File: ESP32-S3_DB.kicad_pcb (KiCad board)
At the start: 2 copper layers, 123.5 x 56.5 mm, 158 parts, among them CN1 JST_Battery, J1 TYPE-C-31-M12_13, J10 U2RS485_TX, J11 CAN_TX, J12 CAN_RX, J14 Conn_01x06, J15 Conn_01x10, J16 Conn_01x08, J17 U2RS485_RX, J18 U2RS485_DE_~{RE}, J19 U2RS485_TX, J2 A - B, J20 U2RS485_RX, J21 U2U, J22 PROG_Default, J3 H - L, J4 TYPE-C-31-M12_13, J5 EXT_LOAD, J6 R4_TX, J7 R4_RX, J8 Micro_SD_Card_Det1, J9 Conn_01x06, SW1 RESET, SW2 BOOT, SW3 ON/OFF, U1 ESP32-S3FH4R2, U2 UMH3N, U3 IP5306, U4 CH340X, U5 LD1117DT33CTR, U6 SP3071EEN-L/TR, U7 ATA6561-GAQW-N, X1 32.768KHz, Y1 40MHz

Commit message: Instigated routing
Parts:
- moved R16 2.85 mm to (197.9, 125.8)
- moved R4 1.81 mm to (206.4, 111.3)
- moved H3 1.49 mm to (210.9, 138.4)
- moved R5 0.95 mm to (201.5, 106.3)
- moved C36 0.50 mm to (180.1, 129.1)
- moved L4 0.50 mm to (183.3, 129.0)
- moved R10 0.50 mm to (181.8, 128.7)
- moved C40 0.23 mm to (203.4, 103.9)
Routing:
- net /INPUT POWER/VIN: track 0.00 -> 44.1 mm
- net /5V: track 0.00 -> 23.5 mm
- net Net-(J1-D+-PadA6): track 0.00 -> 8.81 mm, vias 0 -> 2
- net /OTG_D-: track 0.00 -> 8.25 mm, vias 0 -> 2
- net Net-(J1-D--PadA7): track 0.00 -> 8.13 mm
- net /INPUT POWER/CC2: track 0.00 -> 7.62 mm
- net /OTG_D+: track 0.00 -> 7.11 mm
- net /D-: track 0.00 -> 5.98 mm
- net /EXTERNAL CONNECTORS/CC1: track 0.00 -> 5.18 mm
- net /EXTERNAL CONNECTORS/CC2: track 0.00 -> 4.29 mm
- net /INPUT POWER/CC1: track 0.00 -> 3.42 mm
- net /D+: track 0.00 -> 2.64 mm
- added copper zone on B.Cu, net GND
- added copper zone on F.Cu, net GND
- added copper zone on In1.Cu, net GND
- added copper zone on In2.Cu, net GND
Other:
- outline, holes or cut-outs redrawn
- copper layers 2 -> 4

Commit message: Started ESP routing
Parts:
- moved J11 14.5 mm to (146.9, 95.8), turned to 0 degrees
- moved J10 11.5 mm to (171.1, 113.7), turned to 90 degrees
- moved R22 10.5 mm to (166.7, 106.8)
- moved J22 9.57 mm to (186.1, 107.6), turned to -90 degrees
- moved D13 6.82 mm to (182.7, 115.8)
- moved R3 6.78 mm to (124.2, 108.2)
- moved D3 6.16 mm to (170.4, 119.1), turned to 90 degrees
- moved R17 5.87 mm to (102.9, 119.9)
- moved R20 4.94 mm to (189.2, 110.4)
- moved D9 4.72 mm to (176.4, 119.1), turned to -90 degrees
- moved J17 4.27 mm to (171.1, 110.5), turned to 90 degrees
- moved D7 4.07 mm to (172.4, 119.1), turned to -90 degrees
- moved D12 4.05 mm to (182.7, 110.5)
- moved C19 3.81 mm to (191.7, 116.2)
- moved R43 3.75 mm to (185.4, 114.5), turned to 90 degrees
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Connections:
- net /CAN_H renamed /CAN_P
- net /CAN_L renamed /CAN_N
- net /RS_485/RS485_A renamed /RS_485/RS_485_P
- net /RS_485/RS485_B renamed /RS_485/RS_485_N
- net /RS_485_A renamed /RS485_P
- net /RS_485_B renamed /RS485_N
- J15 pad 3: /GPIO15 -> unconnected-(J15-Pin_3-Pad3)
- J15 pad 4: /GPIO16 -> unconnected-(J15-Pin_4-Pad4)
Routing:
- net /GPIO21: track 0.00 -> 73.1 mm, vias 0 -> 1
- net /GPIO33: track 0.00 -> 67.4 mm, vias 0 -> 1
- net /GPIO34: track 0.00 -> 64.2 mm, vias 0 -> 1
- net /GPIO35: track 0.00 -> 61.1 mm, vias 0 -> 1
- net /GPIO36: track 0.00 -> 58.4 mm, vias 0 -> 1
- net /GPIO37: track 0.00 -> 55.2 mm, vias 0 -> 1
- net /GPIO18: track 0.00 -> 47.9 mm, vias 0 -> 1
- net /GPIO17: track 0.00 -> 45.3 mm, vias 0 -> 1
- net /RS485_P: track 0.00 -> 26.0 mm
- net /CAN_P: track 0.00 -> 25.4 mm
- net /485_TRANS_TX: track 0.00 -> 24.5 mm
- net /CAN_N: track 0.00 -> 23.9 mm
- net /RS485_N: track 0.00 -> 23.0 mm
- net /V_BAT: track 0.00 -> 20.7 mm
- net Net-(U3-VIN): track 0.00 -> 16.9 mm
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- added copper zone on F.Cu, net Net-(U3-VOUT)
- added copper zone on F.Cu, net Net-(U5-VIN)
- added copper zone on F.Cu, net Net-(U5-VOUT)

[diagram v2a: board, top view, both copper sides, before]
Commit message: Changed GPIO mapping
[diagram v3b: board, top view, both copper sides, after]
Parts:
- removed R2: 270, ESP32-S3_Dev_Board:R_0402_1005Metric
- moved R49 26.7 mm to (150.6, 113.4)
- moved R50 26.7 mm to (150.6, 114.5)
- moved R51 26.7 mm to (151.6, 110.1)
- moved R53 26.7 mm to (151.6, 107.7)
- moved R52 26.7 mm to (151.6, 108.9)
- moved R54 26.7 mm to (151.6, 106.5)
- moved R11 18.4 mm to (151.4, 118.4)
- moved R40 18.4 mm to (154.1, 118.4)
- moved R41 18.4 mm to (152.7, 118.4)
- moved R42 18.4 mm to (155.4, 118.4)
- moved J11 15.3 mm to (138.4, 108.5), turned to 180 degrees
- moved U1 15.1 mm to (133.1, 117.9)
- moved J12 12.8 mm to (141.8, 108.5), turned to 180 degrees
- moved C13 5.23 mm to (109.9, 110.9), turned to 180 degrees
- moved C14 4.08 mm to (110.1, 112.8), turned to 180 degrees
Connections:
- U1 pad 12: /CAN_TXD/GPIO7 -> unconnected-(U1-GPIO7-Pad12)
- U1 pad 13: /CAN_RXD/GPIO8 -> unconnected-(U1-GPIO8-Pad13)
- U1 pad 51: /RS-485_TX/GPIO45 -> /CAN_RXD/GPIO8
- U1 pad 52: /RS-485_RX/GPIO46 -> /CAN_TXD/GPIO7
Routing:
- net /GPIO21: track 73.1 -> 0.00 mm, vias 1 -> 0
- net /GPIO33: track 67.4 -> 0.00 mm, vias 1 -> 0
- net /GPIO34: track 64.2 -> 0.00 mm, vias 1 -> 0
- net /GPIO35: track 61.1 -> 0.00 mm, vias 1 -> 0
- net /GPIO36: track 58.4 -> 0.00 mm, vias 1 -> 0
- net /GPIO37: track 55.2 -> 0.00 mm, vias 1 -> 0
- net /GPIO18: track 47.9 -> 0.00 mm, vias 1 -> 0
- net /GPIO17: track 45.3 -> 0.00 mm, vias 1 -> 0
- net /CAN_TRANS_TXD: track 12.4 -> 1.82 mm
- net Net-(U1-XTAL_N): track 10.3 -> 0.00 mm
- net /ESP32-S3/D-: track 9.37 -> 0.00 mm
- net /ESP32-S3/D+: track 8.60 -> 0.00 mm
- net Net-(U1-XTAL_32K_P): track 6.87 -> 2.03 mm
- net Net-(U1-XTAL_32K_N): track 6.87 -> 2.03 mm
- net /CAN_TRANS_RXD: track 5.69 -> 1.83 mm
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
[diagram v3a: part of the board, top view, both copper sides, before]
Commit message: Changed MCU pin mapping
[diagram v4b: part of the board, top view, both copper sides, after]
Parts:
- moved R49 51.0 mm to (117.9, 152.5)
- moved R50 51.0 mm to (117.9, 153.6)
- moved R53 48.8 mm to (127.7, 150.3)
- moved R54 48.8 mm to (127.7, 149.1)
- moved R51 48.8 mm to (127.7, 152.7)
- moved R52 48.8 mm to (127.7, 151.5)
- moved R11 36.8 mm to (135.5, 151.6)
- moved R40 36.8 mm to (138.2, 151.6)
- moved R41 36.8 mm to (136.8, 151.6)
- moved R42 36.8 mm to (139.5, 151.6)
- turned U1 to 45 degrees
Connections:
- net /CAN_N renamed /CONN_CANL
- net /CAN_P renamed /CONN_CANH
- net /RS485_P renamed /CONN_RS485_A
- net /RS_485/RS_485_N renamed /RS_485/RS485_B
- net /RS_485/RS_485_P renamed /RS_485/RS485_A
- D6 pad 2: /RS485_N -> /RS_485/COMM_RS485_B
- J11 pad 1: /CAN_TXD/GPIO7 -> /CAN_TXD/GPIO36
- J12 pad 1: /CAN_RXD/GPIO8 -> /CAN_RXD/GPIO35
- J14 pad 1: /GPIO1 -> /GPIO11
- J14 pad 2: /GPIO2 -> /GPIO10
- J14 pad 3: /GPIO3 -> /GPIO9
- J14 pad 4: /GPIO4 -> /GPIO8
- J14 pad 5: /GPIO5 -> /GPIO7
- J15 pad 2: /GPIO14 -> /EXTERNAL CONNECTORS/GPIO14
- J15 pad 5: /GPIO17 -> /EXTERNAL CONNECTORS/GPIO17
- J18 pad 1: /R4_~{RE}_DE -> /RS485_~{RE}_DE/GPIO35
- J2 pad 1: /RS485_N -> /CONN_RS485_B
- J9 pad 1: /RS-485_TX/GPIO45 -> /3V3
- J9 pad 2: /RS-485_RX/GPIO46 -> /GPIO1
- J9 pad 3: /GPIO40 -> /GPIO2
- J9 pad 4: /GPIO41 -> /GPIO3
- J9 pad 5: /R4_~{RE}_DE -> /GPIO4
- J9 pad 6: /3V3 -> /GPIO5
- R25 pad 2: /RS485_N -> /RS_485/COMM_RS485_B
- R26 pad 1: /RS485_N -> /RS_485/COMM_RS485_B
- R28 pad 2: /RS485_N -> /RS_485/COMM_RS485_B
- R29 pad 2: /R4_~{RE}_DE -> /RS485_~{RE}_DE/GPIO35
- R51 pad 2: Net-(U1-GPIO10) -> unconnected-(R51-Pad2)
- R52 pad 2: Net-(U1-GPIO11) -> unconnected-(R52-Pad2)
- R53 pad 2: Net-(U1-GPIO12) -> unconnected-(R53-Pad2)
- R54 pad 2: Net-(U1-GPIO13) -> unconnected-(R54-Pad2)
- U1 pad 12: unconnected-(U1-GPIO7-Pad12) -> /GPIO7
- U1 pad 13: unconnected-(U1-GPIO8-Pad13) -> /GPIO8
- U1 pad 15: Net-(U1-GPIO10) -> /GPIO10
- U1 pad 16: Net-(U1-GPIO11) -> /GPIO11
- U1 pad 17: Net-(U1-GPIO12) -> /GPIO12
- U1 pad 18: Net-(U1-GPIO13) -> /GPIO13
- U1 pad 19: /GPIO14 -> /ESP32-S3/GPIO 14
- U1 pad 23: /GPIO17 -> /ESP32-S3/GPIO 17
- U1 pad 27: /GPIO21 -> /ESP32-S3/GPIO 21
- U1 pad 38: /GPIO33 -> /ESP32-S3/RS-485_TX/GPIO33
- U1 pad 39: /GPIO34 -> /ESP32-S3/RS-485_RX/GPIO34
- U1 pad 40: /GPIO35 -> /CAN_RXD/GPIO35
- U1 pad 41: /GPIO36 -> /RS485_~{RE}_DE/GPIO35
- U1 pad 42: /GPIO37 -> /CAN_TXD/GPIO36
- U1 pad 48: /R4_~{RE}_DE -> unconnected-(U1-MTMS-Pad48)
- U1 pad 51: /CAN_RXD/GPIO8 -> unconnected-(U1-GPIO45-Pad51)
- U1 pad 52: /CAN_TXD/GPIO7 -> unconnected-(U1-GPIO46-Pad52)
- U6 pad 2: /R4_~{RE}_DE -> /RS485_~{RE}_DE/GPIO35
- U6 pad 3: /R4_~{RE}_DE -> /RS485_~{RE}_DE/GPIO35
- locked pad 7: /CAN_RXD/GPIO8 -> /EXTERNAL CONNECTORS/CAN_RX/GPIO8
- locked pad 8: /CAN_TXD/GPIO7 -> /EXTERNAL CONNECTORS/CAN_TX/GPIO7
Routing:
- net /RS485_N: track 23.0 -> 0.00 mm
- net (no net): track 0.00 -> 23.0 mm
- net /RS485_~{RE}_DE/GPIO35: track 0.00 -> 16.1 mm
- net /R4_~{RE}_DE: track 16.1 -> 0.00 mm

▶ [Task to complete]
Search the records for the string "both" and report each line that has it.

▶ [Expected answer]
[diagram v2a: board, top view, both copper sides, before]
[diagram v3b: board, top view, both copper sides, after]
[diagram v3a: part of the board, top view, both copper sides, before]
[diagram v4b: part of the board, top view, both copper sides, after]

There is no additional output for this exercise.